Assessment of heterogeneity
We will include various types of acupuncture in this review and this may lead to heterogeneity. We will assess clinical heterogeneity (namely differences in study populations, interventions, and outcomes) between studies qualitatively. If we judge studies to be sufficiently clinically homogenous, we will combine them using meta-analysis, and assess statistical heterogeneity using the I2 statistic for evaluating heterogeneity (Higgins 2002). I2 values of 50% and more indicate a substantial level of heterogeneity (Higgins 2003). If there is substantial heterogeneity, we will try to determine what the potential reasons are by examining individual study characteristics.
Assessment of reporting biases
For analyses including at least 10 trials, we will use funnel plots to assess possible reporting bias (Sterne 2011). Funnel plot asymmetry may be a result of reporting bias, but it may also be a result of other factors such as poor methodological quality of smaller studies, true effect size heterogeneity in different size studies or chance and we will interpret any observed asymmetry carefully (Sterne 2011).
We will combine data from individual studies when trials are sufficiently similar in terms of participants, intervention, control intervention, outcome measure, and timing of outcome assessment. We will use a random-effects model in all meta-analyses, and perform sensitivity analyses using a fixed-effect model. If meta-analyses are impossible, we will present the trials systematically and use the GRADE approach to assess the overall quality of the evidence. If the review includes more than one comparison that cannot be included in the same analysis, we will report the results for each comparison separately.
Subgroup analysis and investigation of heterogeneity
If sufficient studies are available, we will analyse subgroups based on acupuncture types (electrical acupuncture, laser acupuncture, acupressure, moxibustion, other types of heat stimulation on acupuncture points and other acupuncture-related interventions) to investigate different effects between types of acupuncture.

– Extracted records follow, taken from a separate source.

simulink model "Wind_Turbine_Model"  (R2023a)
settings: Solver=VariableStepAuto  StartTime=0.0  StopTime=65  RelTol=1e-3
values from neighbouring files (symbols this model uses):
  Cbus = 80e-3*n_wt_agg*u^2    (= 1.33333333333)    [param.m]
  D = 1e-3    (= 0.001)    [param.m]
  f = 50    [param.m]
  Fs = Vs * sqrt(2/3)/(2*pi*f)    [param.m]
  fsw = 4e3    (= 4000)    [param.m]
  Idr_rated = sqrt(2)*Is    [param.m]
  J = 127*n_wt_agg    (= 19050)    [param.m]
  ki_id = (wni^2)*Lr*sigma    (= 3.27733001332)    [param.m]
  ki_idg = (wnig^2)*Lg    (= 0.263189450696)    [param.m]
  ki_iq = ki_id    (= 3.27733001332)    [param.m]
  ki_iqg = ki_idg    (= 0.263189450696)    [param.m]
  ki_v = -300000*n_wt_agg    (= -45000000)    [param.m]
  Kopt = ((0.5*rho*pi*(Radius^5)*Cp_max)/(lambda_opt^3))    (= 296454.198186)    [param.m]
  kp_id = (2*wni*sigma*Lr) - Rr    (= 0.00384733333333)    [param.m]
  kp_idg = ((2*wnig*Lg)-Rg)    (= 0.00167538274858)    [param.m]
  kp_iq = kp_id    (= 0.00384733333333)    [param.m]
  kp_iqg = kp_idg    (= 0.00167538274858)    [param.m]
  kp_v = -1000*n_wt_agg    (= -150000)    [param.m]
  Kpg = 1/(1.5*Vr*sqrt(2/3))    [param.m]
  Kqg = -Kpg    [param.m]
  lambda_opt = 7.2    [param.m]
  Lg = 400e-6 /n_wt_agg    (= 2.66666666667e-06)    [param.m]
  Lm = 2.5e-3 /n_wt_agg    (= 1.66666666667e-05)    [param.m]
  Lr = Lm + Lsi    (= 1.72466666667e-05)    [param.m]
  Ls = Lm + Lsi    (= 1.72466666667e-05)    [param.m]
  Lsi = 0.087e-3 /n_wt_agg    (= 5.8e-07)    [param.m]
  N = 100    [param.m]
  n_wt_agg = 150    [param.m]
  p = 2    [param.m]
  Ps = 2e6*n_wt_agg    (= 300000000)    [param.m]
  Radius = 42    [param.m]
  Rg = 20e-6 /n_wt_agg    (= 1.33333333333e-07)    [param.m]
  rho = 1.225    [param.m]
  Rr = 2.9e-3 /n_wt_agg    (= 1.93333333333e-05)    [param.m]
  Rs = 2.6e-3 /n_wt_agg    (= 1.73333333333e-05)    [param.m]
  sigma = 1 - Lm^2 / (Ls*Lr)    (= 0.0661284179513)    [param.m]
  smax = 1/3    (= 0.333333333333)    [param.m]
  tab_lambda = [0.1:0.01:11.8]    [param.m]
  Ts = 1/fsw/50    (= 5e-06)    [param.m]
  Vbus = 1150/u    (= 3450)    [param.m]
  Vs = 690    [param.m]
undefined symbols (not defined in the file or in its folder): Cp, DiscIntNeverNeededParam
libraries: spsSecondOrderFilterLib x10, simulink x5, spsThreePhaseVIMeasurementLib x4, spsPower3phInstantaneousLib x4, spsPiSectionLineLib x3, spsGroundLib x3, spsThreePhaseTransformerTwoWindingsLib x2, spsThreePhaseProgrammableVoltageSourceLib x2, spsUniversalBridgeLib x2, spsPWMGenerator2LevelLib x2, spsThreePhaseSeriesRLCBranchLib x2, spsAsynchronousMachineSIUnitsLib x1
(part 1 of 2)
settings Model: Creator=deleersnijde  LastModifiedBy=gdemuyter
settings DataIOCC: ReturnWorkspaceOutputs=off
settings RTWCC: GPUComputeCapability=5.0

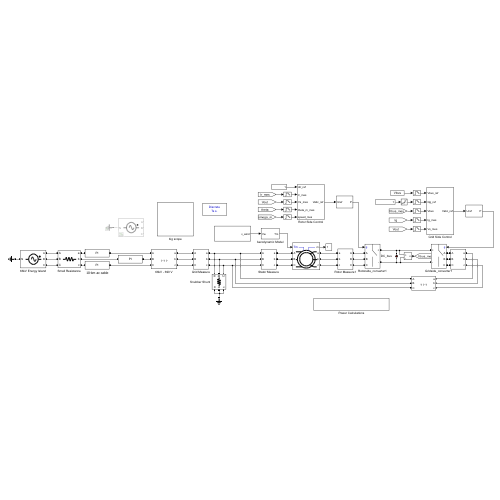
[thumbnail: Simulink's stored preview of the top-level diagram]
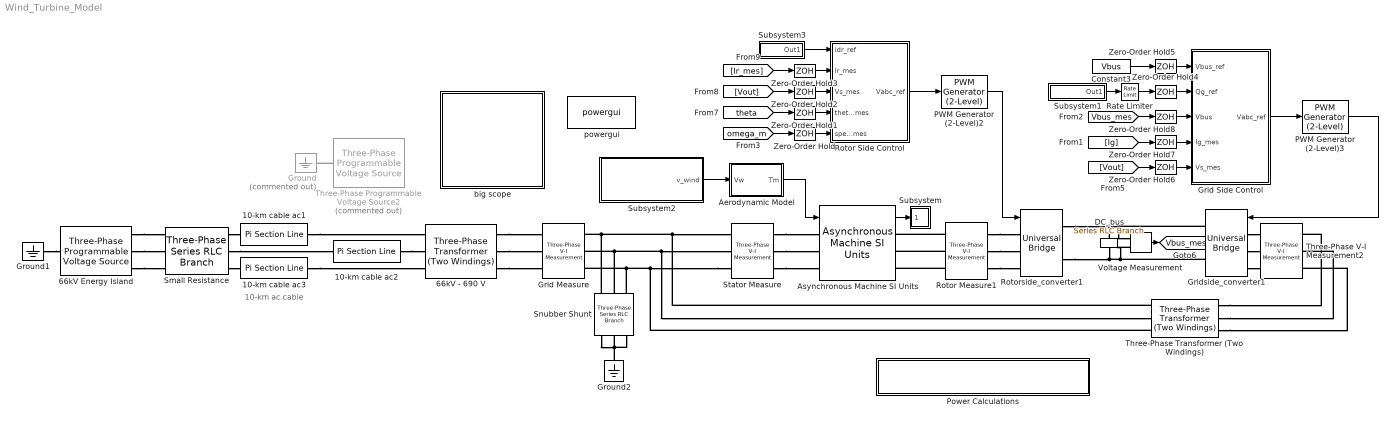
== system Wind_Turbine_Model ==
  note: 10-km ac cable
  10-km cable ac1 : spsPiSectionLineLib/Pi Section Line  LConnTagsString=__new0  RConnTagsString=__new0  Phases=1  PiSections=2  Length=10  Frequency=50  Resistance=0.034/(n_wt_agg/35)  Inductance=0.34e-3/(n_wt_agg/35)  Capacitance=0.29e-06*(n_wt_agg/35)  SpecifyConductance=off  Conductance=0  Measurements=None  Measurements2=None
  10-km cable ac2 : spsPiSectionLineLib/Pi Section Line  LConnTagsString=__new0  RConnTagsString=__new0  Phases=1  PiSections=2  Length=10  Frequency=50  Resistance=0.034/(n_wt_agg/35)  Inductance=0.34e-3/(n_wt_agg/35)  Capacitance=0.29e-06*(n_wt_agg/35)  SpecifyConductance=off  Conductance=0  Measurements=None  Measurements2=None
  10-km cable ac3 : spsPiSectionLineLib/Pi Section Line  LConnTagsString=__new0  RConnTagsString=__new0  Phases=1  PiSections=2  Length=10  Frequency=50  Resistance=0.034/(n_wt_agg/35)  Inductance=0.34e-3/(n_wt_agg/35)  Capacitance=0.29e-06*(n_wt_agg/35)  SpecifyConductance=off  Conductance=0  Measurements=None  Measurements2=None
  66kV - 690 V : spsThreePhaseTransformerTwoWindingsLib/Three-Phase Transformer (Two Windings)  Winding1Connection=Yg  Winding2Connection=Yg  CoreType=Three single-phase transformers  SetSaturation=off  Hysteresis=off  DataFile='hysteresis'  SetInitialFlux=off  Measurements=None  UNITS=pu  NominalPower=[ Ps , f ]  Winding1=[66000 0.025/100/25 0.015/25]  Winding2=[Vs 0.025/100/25 0.015/25]  Rm=500  Lm=500  L0=0.5  Saturation=[0 0;0.22957 0.012546;95.654 0.015891]  InitialFluxes=[ 0.8 , -0.8 , 0.7 ]  BreakLoop=off  DiscreteSolver=Trapezoidal iterative  DataType=off  TransfoNumber=1
  66kV Energy Island : spsThreePhaseProgrammableVoltageSourceLib/Three-Phase Programmable Voltage Source  PositiveSequence=[66e3 0 f]  VariationEntity=Amplitude  VariationType=Table of time-amplitude pairs  VariationTypeAlt=Step  VariationStep=0.5  VariationRate=10  VariationMagnitude=0.3  VariationFrequency=2  VariationTiming=[1 2]  VariationPhaseA=off  Amplitudes=[1 0.8 0.9 1.0]  TimeValues=[0 45 45.3 50]  HarmonicGeneration=off  HarmonicA=[3 0.2 -25 0]  HarmonicB=[2 0.15 35 2]  Timing="[0.05  3]"  BusType=swing  Pref=0  Qref=0  Qmin=-inf  Qmax=inf
  Aerodynamic Model : Subsystem
  Asynchronous Machine SI Units : spsAsynchronousMachineSIUnitsLib/Asynchronous Machine SI Units  RotorType=Wound  PresetModel=No  MechanicalLoad=Torque Tm  ShowDetailedParameters=on  ReferenceFrame=Rotor  Units=SI  MeasurementBus=off  NominalParameters=[Ps Vs f]  VoltageRatio=1/u  Stator=[Rs Lsi]  Rotor=[Rr Lsi]  Cage1=[0.4155 0.002066]  Cage2=[0.4168 0.0003495]  Lm=Lm  Mechanical=[J D 2]  PolePairs=2  InitialConditions=[0.454 0 0 0 0 0 0 0]  SimulateSaturation=off  Saturation=[14.03593122, 27.81365428, 53.79336849, 72.68890987, 97.98006896, 148.6815601, 215.7428561, 302.9841135, 428.7778367 ; 230, 322, 414, 460, 506, 552, 598, 644, 690]  LoadFlowParameters=1492000  TsPowergui=0  TsBlock=-1  IterativeModel=Trapezoidal non iterative  IterativeDiscreteModel=Trapezoidal non iterative  Pmec=1.492e+006
  Constant3 : Constant  Value=Vbus
  DC_bus : spsSeriesRLCBranchLib/Series RLC Branch  LConnTagsString=__new0  RConnTagsString=__new0  BranchType=C  Resistance=1  Inductance=1e-3  SetiL0=off  InitialCurrent=0  Capacitance=Cbus  Setx0=on  InitialVoltage=Vbus  Measurements=Branch voltage
  Grid Measure : spsThreePhaseVIMeasurementLib/Three-Phase V-I Measurement  VoltageMeasurement=phase-to-ground  SetLabelV=on  LabelV=Vout  Vpu=off  VpuLL=off  CurrentMeasurement=yes  SetLabelI=on  LabelI=Iout  Ipu=off  Pbase=100e6  Vbase=500e3  OutputType=Complex  PhasorSimulation=off  PSBequivalent=0
  Grid Side Control : Subsystem
  Gridside_converter1 : spsUniversalBridgeLib/Universal Bridge  Arms=3  SnubberResistance=5000  SnubberCapacitance=1e-6  Device=Ideal Switches  Ron=1e-3  Lon=0  ForwardVoltages="[  0  0  ]"  ForwardVoltage=0  GTOparameters=[ 10e-6 , 20e-6 ]  IGBTparameters=[ 1e-6 , 2e-6 ]  Measurements=UAB UBC UCA UDC voltages  Measurements_2=None  converterType=Rectifier
  Ground : spsGroundLib/Ground  Commented=on  LConnTagsString=a
  Ground1 : spsGroundLib/Ground  LConnTagsString=a
  Ground2 : spsGroundLib/Ground  LConnTagsString=a
  PWM Generator (2-Level)2 : spsPWMGenerator2LevelLib/PWM Generator (2-Level)  ModulatorType=Three-phase bridge (6 pulses)  ModulatorMode=Unsynchronized  Fc=fsw  Pc=0  nF=27  MinMax="[ -1  1 ]"  SamplingTechnique=Symmetrical regular (single edge)  ModulatingSignals=off  m=0.8  Freq=60  Phase=0  Ts=0  ShowCarrierOutport=off
  PWM Generator (2-Level)3 : spsPWMGenerator2LevelLib/PWM Generator (2-Level)  ModulatorType=Three-phase bridge (6 pulses)  ModulatorMode=Unsynchronized  Fc=fsw  Pc=0  nF=27  MinMax="[ -1  1 ]"  SamplingTechnique=Symmetrical regular (single edge)  ModulatingSignals=off  m=0.8  Freq=60  Phase=0  Ts=0  ShowCarrierOutport=off
  Power Calculations : Subsystem
  Rate Limiter : RateLimiter  RisingSlewLimit=Ps/4  FallingSlewLimit=-Ps/4  SampleTimeMode=inherited
  Rotor Measure1 : spsThreePhaseVIMeasurementLib/Three-Phase V-I Measurement  VoltageMeasurement=phase-to-ground  SetLabelV=on  LabelV=Vr_mes  Vpu=off  VpuLL=off  CurrentMeasurement=yes  SetLabelI=on  LabelI=Ir_mes  Ipu=off  Pbase=100e6  Vbase=500e3  OutputType=Complex  PhasorSimulation=off  PSBequivalent=0
  Rotor Side Control : Subsystem
  Rotorside_converter1 : spsUniversalBridgeLib/Universal Bridge  Arms=3  SnubberResistance=5000  SnubberCapacitance=1e-6  Device=Ideal Switches  Ron=1e-3  Lon=0  ForwardVoltages="[  0  0  ]"  ForwardVoltage=0  GTOparameters=[ 10e-6 , 20e-6 ]  IGBTparameters=[ 1e-6 , 2e-6 ]  Measurements=None  Measurements_2=None  converterType=Rectifier
  Small Resistance : spsThreePhaseSeriesRLCBranchLib/Three-Phase Series RLC Branch  LConnTagsString=A|B|C  RConnTagsString=A|B|C  BranchType=R  Resistance=0.01e-3  Inductance=0.01e-3  Capacitance=1e-6  Measurements=None
  Snubber Shunt : spsThreePhaseSeriesRLCBranchLib/Three-Phase Series RLC Branch  LConnTagsString=A|B|C  RConnTagsString=A|B|C  BranchType=R  Resistance=1e6  Inductance=Lg  Capacitance=1e-6  Measurements=None
  Stator Measure : spsThreePhaseVIMeasurementLib/Three-Phase V-I Measurement  VoltageMeasurement=phase-to-ground  SetLabelV=on  LabelV=Vs_mes_machine  Vpu=off  VpuLL=off  CurrentMeasurement=yes  SetLabelI=on  LabelI=Is_mes_machine  Ipu=off  Pbase=100e6  Vbase=500e3  OutputType=Complex  PhasorSimulation=off  PSBequivalent=0
  Subsystem : Subsystem
  Subsystem1 : Subsystem
  Subsystem2 : Subsystem
  Subsystem3 : Subsystem
  Three-Phase Programmable Voltage Source2 : spsThreePhaseProgrammableVoltageSourceLib/Three-Phase Programmable Voltage Source  Commented=on  PositiveSequence=[Vs 0 f]  VariationEntity=Amplitude  VariationType=Table of time-amplitude pairs  VariationTypeAlt=Step  VariationStep=0.5  VariationRate=10  VariationMagnitude=0.3  VariationFrequency=2  VariationTiming=[1 2]  VariationPhaseA=off  Amplitudes=[1 0.8 0.9 1.0]  TimeValues=[0 45 45.3 50]  HarmonicGeneration=off  HarmonicA=[3 0.2 -25 0]  HarmonicB=[2 0.15 35 2]  Timing="[0.05  3]"  BusType=swing  Pref=0  Qref=0  Qmin=-inf  Qmax=inf
  Three-Phase Transformer (Two Windings) : spsThreePhaseTransformerTwoWindingsLib/Three-Phase Transformer (Two Windings)  Winding1Connection=Yg  Winding2Connection=Yg  CoreType=Three single-phase transformers  SetSaturation=off  Hysteresis=off  DataFile='hysteresis'  SetInitialFlux=off  Measurements=None  UNITS=SI  NominalPower=[ Ps , f ]  Winding1=[690 0 0]  Winding2=[2070 Rg Lg]  Rm=500  Lm=500  L0=0.5  Saturation=[0 0;2840 2.152;1.1833e+06 2.7258]  InitialFluxes=[ 0.8 , -0.8 , 0.7 ]  BreakLoop=off  DiscreteSolver=Trapezoidal iterative  DataType=on  TransfoNumber=1
  Three-Phase V-I Measurement2 : spsThreePhaseVIMeasurementLib/Three-Phase V-I Measurement  VoltageMeasurement=phase-to-ground  SetLabelV=on  LabelV=Vg  Vpu=off  VpuLL=off  CurrentMeasurement=yes  SetLabelI=on  LabelI=Ig  Ipu=off  Pbase=100e6  Vbase=500e3  OutputType=Complex  PhasorSimulation=off  PSBequivalent=0
  Voltage Measurement : spsVoltageMeasurementLib/Voltage Measurement  PhasorSimulation=off  OutputType=Complex  PSBequivalent=0
  Zero-Order Hold{,1..8} (9 alike) : ZeroOrderHold  SampleTime=1/fsw
  big scope : Subsystem
  powergui : spspowerguiLib/powergui  Priority=1  SimulationMode=Discrete  SampleTime=Ts  frequency=60  Iterations=50  frequencyindice=50  Pbase=2e6  ErrMax=1e-4  UnitsV=kV  UnitsW=MW  buscounter=0  FunctionMessages=off  echomessages=off  EnableUseOfTLC=off  CurrentSourceSwitches=off  DisableSnubberDevices=off  DisableRonSwitches=off  DisableVfSwitches=off  DisplayEquations=off  AutomaticDiscreteSolvers=off  SolverType=Tustin/Backward Euler (TBE)  Interpol=off  ExternalGateDelay=off  methode=off  Ts=100  x0status=blocks  SPID=on  SwTol=0  HookPort=off  NonlinearTolerance=1e-4  nMaxIteration=100  ContinueOnMaxIteration=off  RestoreLinks=warning  ResistiveCurrentMeasurement=off  Frange=[0:2:500]  Ylog=off  Xlog=on  ShowGrid=off  save=off  variable=ZData  structure=0  ZoomFFT=off  StartTime=0.0  cycles=1  DisplayStyle=1  fundamental=60  FreqAxis=off  MaxFrequency=1000  frequencyindicesteady=1  RmsSteady=1  display=off
  tag scope: Vbus_mes=global
  wires:
  [Vout] -> Zero-Order Hold2/1
  Asynchronous Machine SI Units/1 -> Subsystem/1(In1)
  [theta] -> Zero-Order Hold1/1
  [omega_m] -> Zero-Order Hold/1
  Zero-Order Hold/1 -> Rotor Side Control/5(speed_mes)
  Zero-Order Hold1/1 -> Rotor Side Control/4(theta_m_mes)
  Zero-Order Hold2/1 -> Rotor Side Control/3(Vs_mes)
  Zero-Order Hold3/1 -> Rotor Side Control/2(Ir_mes)
  Aerodynamic Model/1(Tm) -> Asynchronous Machine SI Units/1
  Zero-Order Hold6/1 -> Grid Side Control/5(Vs_mes)
  [Vout] -> Zero-Order Hold6/1
  [Ig] -> Zero-Order Hold7/1
  Zero-Order Hold7/1 -> Grid Side Control/4(Ig_mes)
  Zero-Order Hold4/1 -> Grid Side Control/2(Qg_ref)
  Rate Limiter/1 -> Zero-Order Hold4/1
  Zero-Order Hold8/1 -> Grid Side Control/3(Vbus)
  [Vbus_mes] -> Zero-Order Hold8/1
  Grid Side Control/1(Vabc_ref) -> PWM Generator (2-Level)3/1
  Rotor Side Control/1(Vabc_ref) -> PWM Generator (2-Level)2/1
  Voltage Measurement/1 -> [Vbus_mes]
  Constant3/1 -> Zero-Order Hold5/1
  Zero-Order Hold5/1 -> Grid Side Control/1(Vbus_ref)
  Subsystem2/1(v_wind) -> Aerodynamic Model/1(Vw)
  [Ir_mes] -> Zero-Order Hold3/1
  Subsystem1/1(Out1) -> Rate Limiter/1
  Subsystem3/1(Out1) -> Rotor Side Control/1(idr_ref)
  PWM Generator (2-Level)3/1 -> Gridside_converter1/1
  PWM Generator (2-Level)2/1 -> Rotorside_converter1/1
  connections:
  Three-Phase Programmable Voltage Source2/LConn1 -- Ground/LConn1
  Three-Phase Transformer (Two Windings)/LConn1 -- Stator Measure/LConn1 -- Grid Measure/RConn1 -- Snubber Shunt/LConn1
  Stator Measure/LConn3 -- Three-Phase Transformer (Two Windings)/LConn3 -- Grid Measure/RConn3 -- Snubber Shunt/LConn3
  DC_bus/LConn1 -- Rotorside_converter1/RConn1 -- Gridside_converter1/RConn1 -- Voltage Measurement/LConn1
  DC_bus/RConn1 -- Rotorside_converter1/RConn2 -- Gridside_converter1/RConn2 -- Voltage Measurement/LConn2
  Gridside_converter1/LConn1 -- Three-Phase V-I Measurement2/LConn1
  Gridside_converter1/LConn2 -- Three-Phase V-I Measurement2/LConn2
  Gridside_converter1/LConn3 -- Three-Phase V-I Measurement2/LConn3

If sufficient studies are available, we will conduct sensitivity analyses to explore the influence of various study characteristics and to test the robustness of the results. We will repeat analyses excluding studies which have the following greater risk of bias:
high risk of bias (that is, in sequence generation, allocation concealment or blinding in the assessment of outcomes);
small sample sizes (less than 40 participants) (Moore 1998);
no available information about outcomes for individual hands, in studies where participants had bilateral CTS and received interventions for both hands but appropriate analyses were not conducted (Unit of analysis issues).
We will also test the robustness of the result by repeating all meta-analyses using fixed-effect models.
We will base our conclusions only on findings from the quantitative or narrative synthesis of included studies for this review. We will avoid making recommendations for practice and our implications for research will suggest priorities for future research and outline what the remaining uncertainties are in the area.